Погруженная в собственные мысли, я не замечаю, как Макс заходит на кухню, застав меня в темноте и печали. Свет загорается, ударив по глазам.
– Привет, – Щурясь, говорю я, автоматически поправляя волосы. На мне короткое черное платье, но он похоже не замечает…. Взгляд прикован к моему лицу. Он в распахнутом пальто и ботинках, безупречные стрелки на брюках, белый воротник и дорогущий галстук. И выглядит так, словно только из салона или сошел с обложки журнала. На расстоянии пяти метров чувствую запах его парфюма. Ненавижу его за это. Я целый день приводила себя в порядок. И вот сижу на стуле, как облезлый воробей на жердочке, с лохматыми космами и уставшими глазами. Мое собственноручно купленное платье кажется безвкусицей и дешевкой, когда я смотрю на элегантного мужа. Иногда меня мучают подозрения, что у Макса есть квартира возле офиса, и он возвращается оттуда. Такой благоухающий и бодрый. В чертовых брюках без единой складочки, сытый. Зачем я ему нужна? Зачем?
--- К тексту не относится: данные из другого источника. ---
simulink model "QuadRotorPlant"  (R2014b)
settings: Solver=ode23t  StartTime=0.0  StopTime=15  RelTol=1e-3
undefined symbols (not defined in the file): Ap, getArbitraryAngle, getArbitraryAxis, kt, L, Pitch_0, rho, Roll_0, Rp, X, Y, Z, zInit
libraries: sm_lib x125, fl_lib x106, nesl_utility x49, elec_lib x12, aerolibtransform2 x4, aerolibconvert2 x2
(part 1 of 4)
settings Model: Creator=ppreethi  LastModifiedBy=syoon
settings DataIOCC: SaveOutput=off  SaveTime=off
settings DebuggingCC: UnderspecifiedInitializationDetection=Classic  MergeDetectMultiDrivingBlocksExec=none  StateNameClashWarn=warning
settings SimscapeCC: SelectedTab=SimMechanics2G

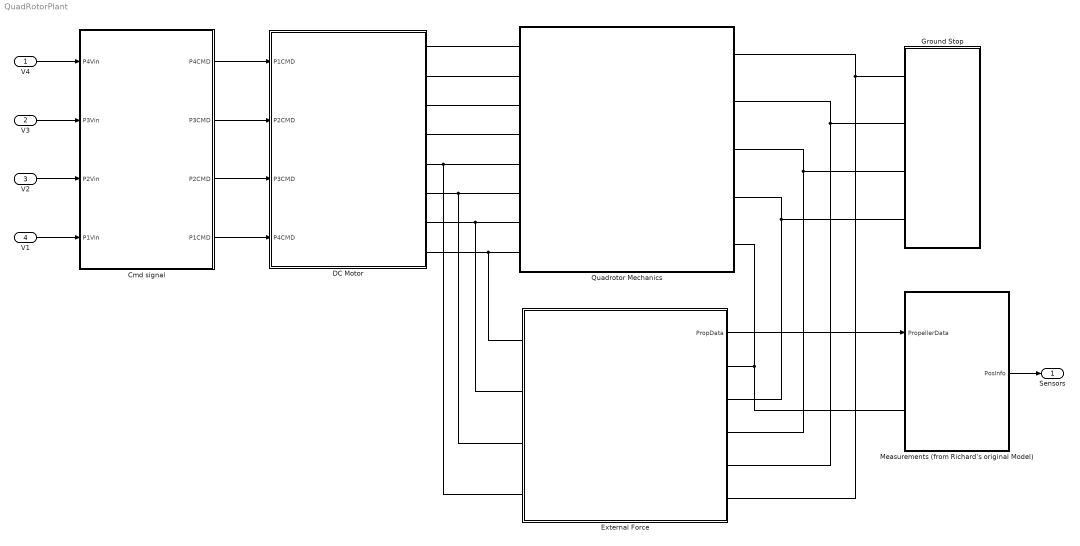
== system QuadRotorPlant ==
  V4 : Inport  OutDataTypeStr=double  PortDimensions=1  SampleTime=[0.01,0]
  V3 : Inport  Port=2  OutDataTypeStr=double  PortDimensions=1  SampleTime=[0.01,0]
  V2 : Inport  Port=3  OutDataTypeStr=double  PortDimensions=1  SampleTime=[0.01,0]
  V1 : Inport  Port=4  OutDataTypeStr=double  PortDimensions=1  SampleTime=[0.01,0]
  Cmd signal : Subsystem
  DC Motor : Subsystem
      mask Display: image(imread('motor.jpg'))
  External Force : Subsystem
  Ground Stop : Subsystem  mask{Roll0=Roll_0, Pitch0=Pitch_0, Yaw0=0, Damp=0.7, Spring=1e2, Length=-0.083057999999999979068, GRoll=0, GPitch=0, Alt=0}
      mask prompts: Roll0 "Init Roll"; Pitch0 "Init Pitch"; Yaw0 "Init Yaw"; Damp "Damping"; Spring "Spring Constant"; Length "Distance from Center to Motor"; GRoll "Ground Roll"; GPitch "Ground Pitch"; Alt "Initial Altitude"
      mask init:
      | blk = gcb;
      | if Alt<0
      |     Alt = 0;
      |     set_param(blk,'Alt','0')
      |     warning('Cannot Initialize Below Zero Altitude');
      | end
  Measurements (from Richard's original Model) : Subsystem
  Quadrotor Mechanics : Subsystem
  Sensors : Outport  OutDataTypeStr=Bus: VehicleStates  PortDimensions=1  SampleTime=0  BusOutputAsStruct=on
  wires:
  Cmd signal/1(P4CMD) -> DC Motor/1(P1CMD)
  Cmd signal/2(P3CMD) -> DC Motor/2(P2CMD)
  Cmd signal/3(P2CMD) -> DC Motor/3(P3CMD)
  Cmd signal/4(P1CMD) -> DC Motor/4(P4CMD)
  Measurements (from Richard's original Model)/1(PosInfo) -> Sensors/1
  V2/1 -> Cmd signal/3(P2Vin)
  V3/1 -> Cmd signal/2(P3Vin)
  V1/1 -> Cmd signal/4(P1Vin)
  V4/1 -> Cmd signal/1(P4Vin)
  External Force/1(PropData) -> Measurements (from Richard's original Model)/1(PropellerData)
  connections:
  Quadrotor Mechanics/LConn8 -- External Force/LConn1 -- DC Motor/RConn8
  External Force/LConn2 -- Quadrotor Mechanics/LConn7 -- DC Motor/RConn7
  External Force/LConn4 -- DC Motor/RConn5 -- Quadrotor Mechanics/LConn5
  Ground Stop/RConn1 -- External Force/RConn5 -- Quadrotor Mechanics/RConn1
  Ground Stop/RConn3 -- External Force/RConn3 -- Quadrotor Mechanics/RConn3
  Ground Stop/RConn2 -- External Force/RConn4 -- Quadrotor Mechanics/RConn2
  Ground Stop/RConn4 -- External Force/RConn2 -- Quadrotor Mechanics/RConn4
  External Force/RConn1 -- Measurements (from Richard's original Model)/LConn1 -- Quadrotor Mechanics/RConn5
  Quadrotor Mechanics/LConn6 -- External Force/LConn3 -- DC Motor/RConn6
  DC Motor/RConn4 -- Quadrotor Mechanics/LConn4
  DC Motor/RConn3 -- Quadrotor Mechanics/LConn3
  DC Motor/RConn2 -- Quadrotor Mechanics/LConn2
  DC Motor/RConn1 -- Quadrotor Mechanics/LConn1

== system QuadRotorPlant/Cmd signal ==
  P4Vin : Inport
  P3Vin : Inport  Port=2
  P2Vin : Inport  Port=3
  P1Vin : Inport  Port=4
  Bus Creator{1..4} (4 alike) : BusCreator  Inputs=2
  CMD : Subsystem
  CMD1 : Subsystem
  CMD2 : Subsystem
  CMD3 : Subsystem
  P4CMD : Outport
  P3CMD : Outport  Port=2
  P2CMD : Outport  Port=3
  P1CMD : Outport  Port=4
  wires:
  CMD3/2(REV) -> Bus Creator3/2  "rev"
  CMD3/1(Duty) -> Bus Creator3/1  "duty"
  CMD2/2(REV) -> Bus Creator2/2  "rev"
  CMD2/1(Duty) -> Bus Creator2/1  "duty"
  CMD1/2(REV) -> Bus Creator1/2  "rev"
  CMD1/1(Duty) -> Bus Creator1/1  "duty"
  Bus Creator1/1 -> P3CMD/1  "P2CMD"
  Bus Creator3/1 -> P1CMD/1  "P4CMD"
  Bus Creator2/1 -> P2CMD/1  "P3CMD"
  CMD/2(REV) -> Bus Creator4/2  "rev"
  CMD/1(Duty) -> Bus Creator4/1  "duty"
  Bus Creator4/1 -> P4CMD/1  "P1CMD"
  P3Vin/1 -> CMD1/1(Vcmd)
  P1Vin/1 -> CMD3/1(Vcmd)
  P2Vin/1 -> CMD2/1(Vcmd)
  P4Vin/1 -> CMD/1(Vcmd)

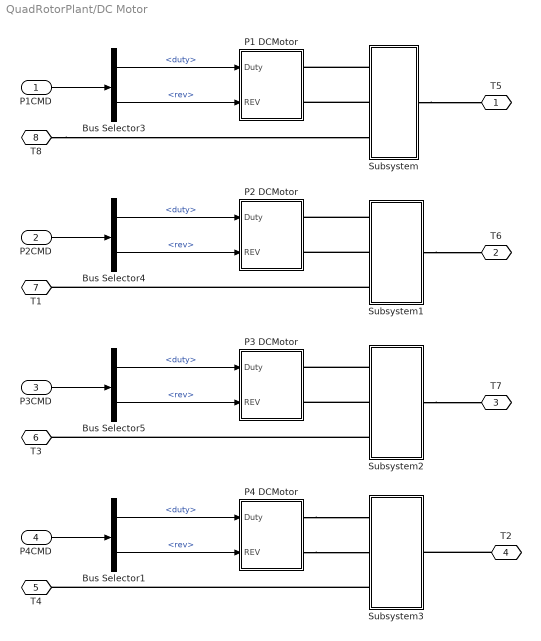
== system QuadRotorPlant/DC Motor ==
  P1CMD : Inport
  P2CMD : Inport  Port=2
  P3CMD : Inport  Port=3
  P4CMD : Inport  Port=4
  Bus Selector{1,3..5} (4 alike) : BusSelector  OutputSignals=duty,rev
  P1 DCMotor : Subsystem
      mask Display: image(imread('motor.jpg'))
  P2 DCMotor : Subsystem
      mask Display: image(imread('motor.jpg'))
  P3 DCMotor : Subsystem
      mask Display: image(imread('motor.jpg'))
  P4 DCMotor : Subsystem
      mask Display: image(imread('motor.jpg'))
  Subsystem : Subsystem
  Subsystem1 : Subsystem
  Subsystem2 : Subsystem
  Subsystem3 : Subsystem
  T5 : PMIOPort  Port=1  Side=Right
  T6 : PMIOPort  Port=2  Side=Right
  T7 : PMIOPort  Port=3  Side=Right
  T2 : PMIOPort  Port=4  Side=Right
  T4 : PMIOPort  Port=5  Side=Right
  T3 : PMIOPort  Port=6  Side=Right
  T1 : PMIOPort  Port=7  Side=Right
  T8 : PMIOPort  Port=8  Side=Right
  wires:
  Bus Selector1/1 -> P4 DCMotor/1(Duty)  "<duty>"
  Bus Selector1/2 -> P4 DCMotor/2(REV)  "<rev>"
  Bus Selector5/1 -> P3 DCMotor/1(Duty)  "<duty>"
  Bus Selector5/2 -> P3 DCMotor/2(REV)  "<rev>"
  Bus Selector4/1 -> P2 DCMotor/1(Duty)  "<duty>"
  Bus Selector4/2 -> P2 DCMotor/2(REV)  "<rev>"
  P2CMD/1 -> Bus Selector4/1
  P4CMD/1 -> Bus Selector1/1
  P3CMD/1 -> Bus Selector5/1
  P1CMD/1 -> Bus Selector3/1
  Bus Selector3/1 -> P1 DCMotor/1(Duty)  "<duty>"
  Bus Selector3/2 -> P1 DCMotor/2(REV)  "<rev>"
  connections:
  T8/RConn1 -- Subsystem/LConn3
  Subsystem1/LConn3 -- T1/RConn1
  Subsystem2/LConn3 -- T3/RConn1
  Subsystem3/LConn3 -- T4/RConn1
  T2/RConn1 -- Subsystem3/RConn1
  Subsystem2/RConn1 -- T7/RConn1
  Subsystem1/RConn1 -- T6/RConn1
  Subsystem/RConn1 -- T5/RConn1
  P4 DCMotor/RConn2 -- Subsystem3/LConn2
  P4 DCMotor/RConn1 -- Subsystem3/LConn1
  Subsystem2/LConn1 -- P3 DCMotor/RConn1
  Subsystem2/LConn2 -- P3 DCMotor/RConn2
  Subsystem1/LConn1 -- P2 DCMotor/RConn1
  Subsystem1/LConn2 -- P2 DCMotor/RConn2
  Subsystem/LConn2 -- P1 DCMotor/RConn2
  Subsystem/LConn1 -- P1 DCMotor/RConn1

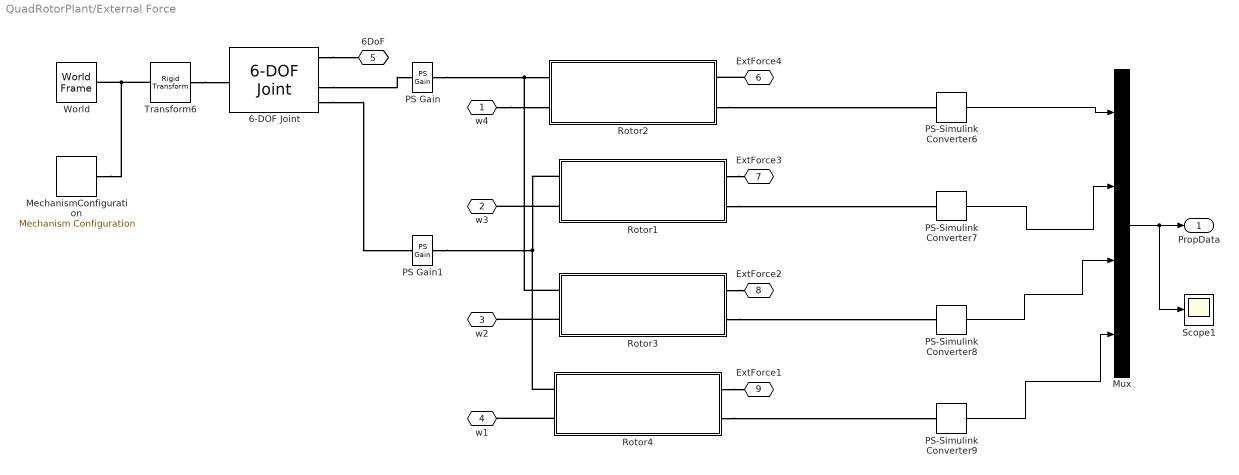
== system QuadRotorPlant/External Force ==
  6-DOF Joint : sm_lib/Joints/6-DOF Joint  SenseConstraintForce=off  SenseConstraintForceX=off  SenseConstraintForceY=off  SenseConstraintForceZ=off  SenseConstraintTorque=off  SenseConstraintTorqueX=off  SenseConstraintTorqueY=off  SenseConstraintTorqueZ=off  SenseTotalForce=off  SenseTotalForceX=off  SenseTotalForceY=off  SenseTotalForceZ=off  SenseTotalTorque=off  SenseTotalTorqueX=off  SenseTotalTorqueY=off  SenseTotalTorqueZ=off  CompositeWrenchDir=FollowerOnBase  CompositeWrenchFrame=BaseFrame  PxEquilibriumPosition=0  PxEquilibriumPositionUnits=m  PxSpringStiffness=0  PxSpringStiffnessUnits=N/m  PxDampingCoefficient=0  PxDampingCoefficientUnits=N/(m/s)  PxTorqueActuationMode=NoTorque  PxMotionActuationMode=ComputedMotion  PxSensePosition=off  PxSenseVelocity=off  PxSenseAcceleration=off  PxSenseTorqueForce=off  PxPositionTargetValue=0  PxPositionTargetValueUnits=m  PxPositionTargetSpecify=off  PxPositionTargetPriority=High  PxVelocityTargetValue=0  PxVelocityTargetValueUnits=m/s  PxVelocityTargetSpecify=off  PxVelocityTargetPriority=High  PyEquilibriumPosition=0  PyEquilibriumPositionUnits=m  PySpringStiffness=0  PySpringStiffnessUnits=N/m  PyDampingCoefficient=0  PyDampingCoefficientUnits=N/(m/s)  PyTorqueActuationMode=NoTorque  PyMotionActuationMode=ComputedMotion  PySensePosition=off  PySenseVelocity=off  PySenseAcceleration=off  PySenseTorqueForce=off  PyPositionTargetValue=0  PyPositionTargetValueUnits=m  PyPositionTargetSpecify=off  PyPositionTargetPriority=High  PyVelocityTargetValue=0  PyVelocityTargetValueUnits=m/s  PyVelocityTargetSpecify=off  PyVelocityTargetPriority=High  PzEquilibriumPosition=0  PzEquilibriumPositionUnits=m  PzSpringStiffness=0  PzSpringStiffnessUnits=N/m  PzDampingCoefficient=0  PzDampingCoefficientUnits=N/(m/s)  PzTorqueActuationMode=NoTorque  PzMotionActuationMode=ComputedMotion  PzSensePosition=off  PzSenseVelocity=on  PzSenseAcceleration=off  PzSenseTorqueForce=off  PzPositionTargetValue=0  PzPositionTargetValueUnits=m  PzPositionTargetSpecify=off  PzPositionTargetPriority=High  PzVelocityTargetValue=0  PzVelocityTargetValueUnits=m/s  PzVelocityTargetSpecify=off  PzVelocityTargetPriority=High  SphDefPosRotationMethod=None  SphDefPosRotationAngleUnits=deg  SphDefPosRotationStandardAxis=+Z  SphDefPosRotationAngle=0  SphDefPosRotationArbitraryAxis=[0 0 1]  SphDefPosFollAlignAxisA=+X  SphDefPosBaseAlignAxisA=+Y  SphDefPosFollAlignAxisB=+Y  SphDefPosBaseAlignAxisB=+Z  SphDefPosRotationMatrix=[1 0 0; 0 1 0; 0 0 1]  SphEqPosRotationMethod=None  SphEqPosRotationAngleUnits=deg  SphEqPosRotationStandardAxis=+Z  SphEqPosRotationAngle=0  SphEqPosRotationArbitraryAxis=[0 0 1]  SphEqPosFollAlignAxisA=+X  SphEqPosBaseAlignAxisA=+Y  SphEqPosFollAlignAxisB=+Y  SphEqPosBaseAlignAxisB=+Z  SphEqPosRotationMatrix=[1 0 0; 0 1 0; 0 0 1]  SphSpringStiffness=0  SphSpringStiffnessUnits=N*m/deg  SphDampingCoefficient=0  SphDampingCoefficientUnits=N*m/(deg/s)  SphActuateTorqueX=off  SphActuateTorqueY=off  SphActuateTorqueZ=off  SphActuateTorque=off  SphTorqueActuationMode=NoTorque  SphMotionActuationMode=ComputedMotion  SphActuationFrame=BaseFrame  SphSensePosition=off  SphSenseVelocityX=on  SphSenseVelocityY=on  SphSenseVelocityZ=off  SphSenseVelocity=off  SphSenseAccelerationX=off  SphSenseAccelerationY=off  SphSenseAccelerationZ=off  SphSenseAcceleration=off  SphSenseTorqueX=off  SphSenseTorqueY=off  SphSenseTorqueZ=off  SphSenseTorqueForce=off  SphSensingFrame=BaseFrame  SphPositionTargetRotationMethod=None  SphPositionTargetRotationAngleUnits=deg  SphPositionTargetRotationStandardAxis=+Z  SphPositionTargetRotationAngle=0  SphPositionTargetRotationArbitraryAxis=[0 0 1]  SphPositionTargetFollAlignAxisA=+X  SphPositionTargetBaseAlignAxisA=+Y  SphPositionTargetFollAlignAxisB=+Y  SphPositionTargetBaseAlignAxisB=+Z  SphPositionTargetRotationMatrix=[1 0 0; 0 1 0; 0 0 1]  SphPositionTargetSpecify=off  SphPositionTargetPriority=High  SphVelocityTargetValue=[0 0 0]  SphVelocityTargetValueUnits=deg/s  SphVelocityTargetSpecify=off  SphVelocityTargetPriority=High  SphVelocityTargetInFollowerFrame=on  BlockFunction=simmechanics.library.joints.sixdof_joint
  MechanismConfiguration : sm_lib/Utilities/Mechanism Configuration  UniformGravity=Constant  GravityVector=[0 0 9.81]  GravityUnits=m/s^2  LinearizationDelta=0.001  BlockFunction=simmechanics.library.utilities.mechanism_configuration
  Mux : Mux
  PS Gain : fl_lib/Physical Signals/Functions/PS Gain  gain=pi/180
  PS Gain1 : fl_lib/Physical Signals/Functions/PS Gain  gain=pi/180
  PS-Simulink Converter{6..9} (4 alike) : nesl_utility/PS-Simulink Converter  PhysicalDomain=network_engine_domain  SubClassName=ps_output  LeftPortType=input  RightPortType=output  PseudoPeriodic=off  Frequencies=[]  Unit=1  AffineConversion=off
  Rotor1 : Subsystem
  Rotor2 : Subsystem
  Rotor3 : Subsystem
  Rotor4 : Subsystem
  Scope1 : Scope
      settings: TimeRange=5  YMin=-0.025  YMax=0.25  SaveName=ScopeData11
  Transform6 : sm_lib/Frames and Transforms/Rigid Transform  TranslationMethod=None  TranslationLengthUnit=m  TranslationStandardAxis=+Z  TranslationStandardOffset=0  TranslationCartesianOffset=[0 0 0]  TranslationROffset=0  TranslationROffsetUnits=m  TranslationZOffset=0  TranslationZOffsetUnits=m  TranslationThetaOffset=0  TranslationThetaOffsetUnits=deg  RotationMethod=StandardAxis  RotationAngleUnits=deg  RotationStandardAxis=+X  RotationAngle=180  RotationArbitraryAxis=[0 0 1]  FollAlignAxisA=+X  BaseAlignAxisA=+Y  FollAlignAxisB=+Y  BaseAlignAxisB=+Z  RotationMatrix=[1 0 0; 0 1 0; 0 0 1]  BlockFunction=simmechanics.library.frames_transforms.rigid_transform
  World : sm_lib/Frames and Transforms/World Frame  BlockFunction=simmechanics.library.frames_transforms.world_frame
  w4 : PMIOPort  Port=1  Side=Left
  w3 : PMIOPort  Port=2  Side=Left
  w2 : PMIOPort  Port=3  Side=Left
  w1 : PMIOPort  Port=4  Side=Left
  6DoF : PMIOPort  Port=5  Side=Right
  ExtForce4 : PMIOPort  Port=6  Side=Right
  ExtForce3 : PMIOPort  Port=7  Side=Right
  ExtForce2 : PMIOPort  Port=8  Side=Right
  ExtForce1 : PMIOPort  Port=9  Side=Right
  PropData : Outport
  wires:
  Mux/1 -> PropData/1, Scope1/1
  PS-Simulink Converter6/1 -> Mux/1
  PS-Simulink Converter7/1 -> Mux/2
  PS-Simulink Converter8/1 -> Mux/3
  PS-Simulink Converter9/1 -> Mux/4
  connections:
  6-DOF Joint/RConn3 -- PS Gain/LConn1
  6-DOF Joint/RConn4 -- PS Gain1/LConn1
  MechanismConfiguration/RConn1 -- World/RConn1 -- Transform6/LConn1
  Transform6/RConn1 -- 6-DOF Joint/LConn1
  6-DOF Joint/RConn1 -- 6DoF/RConn1
  Rotor4/LConn2 -- w1/RConn1
  Rotor3/LConn2 -- w2/RConn1
  w4/RConn1 -- Rotor2/LConn2
  ExtForce4/RConn1 -- Rotor2/RConn1
  Rotor1/RConn1 -- ExtForce3/RConn1
  Rotor2/RConn2 -- PS-Simulink Converter6/LConn1
  PS Gain/RConn1 -- Rotor3/LConn1 -- Rotor2/LConn1
  Rotor3/RConn1 -- ExtForce2/RConn1
  Rotor1/LConn1 -- Rotor4/LConn1 -- PS Gain1/RConn1
  Rotor1/RConn2 -- PS-Simulink Converter7/LConn1
  Rotor1/LConn2 -- w3/RConn1
  Rotor3/RConn2 -- PS-Simulink Converter8/LConn1
  Rotor4/RConn2 -- PS-Simulink Converter9/LConn1
  Rotor4/RConn1 -- ExtForce1/RConn1

== system QuadRotorPlant/Ground Stop ==
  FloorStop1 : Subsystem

– Почему ты не разделся? – спрашиваю я, снова пройдясь взглядом по своему потрясному супругу.
– Энжи… – виновато начинает он, сделав шаг вперед. Я вскакиваю со своей жердочки. Все внутренности сковывает холод, – Мне нужно уехать. Не в пятницу, как планировалось, а сегодня, – небрежным жестом вскинув руку, Макс взглянул на часы, – Через два часа самолет. Прости….
– Не подходи ко мне, – хрипло, но твердо говорю я, когда он приближается и пытается прикоснуться ко мне.
– Энжи, – качает головой, делая вид, что ему безумно жаль.
– Третья командировка за месяц, – резко напомнила я, выпрямляясь, натягиваясь, как струна, – Тебя нет дома по несколько дней в неделю. А если ты есть, то все равно, что нет. Я сижу тут одна, как дура. И ничего не понимаю.
– Перестань, – Макс хмурится, запустив руку в волосы. Поворачивается ко мне в профиль, – я объяснял, что нужно потерпеть. Еще пару месяцев, – синие глаза снова устремляются к моему лицу, но я не пробиваема, – Энжи, ты же знала, что работа занимает большую часть моей жизни. Так всегда было. Уж кто-кто, а ты должна меня понять. Ты живешь со мной пять лет. Летом мы обязательно наверстаем. Хочешь, снова поедем на Сейшельские острова?
Подкуп и обаяние. Если бы у Макса было время, то к списку убедительных доводов, он бы добавил еще и секс.
– Сейчас середина зимы, Эванс, – тихо произношу я, чувствуя, как колеблется моя решимость.
– Конец зимы, – поправил Макс, – И не фамильярничай. Некрасиво.
– Я злюсь. Ты обещал, что найдешь время для нас, – обидные нотки в моем голосе заставляют его улыбаться шире. Он, что издевается?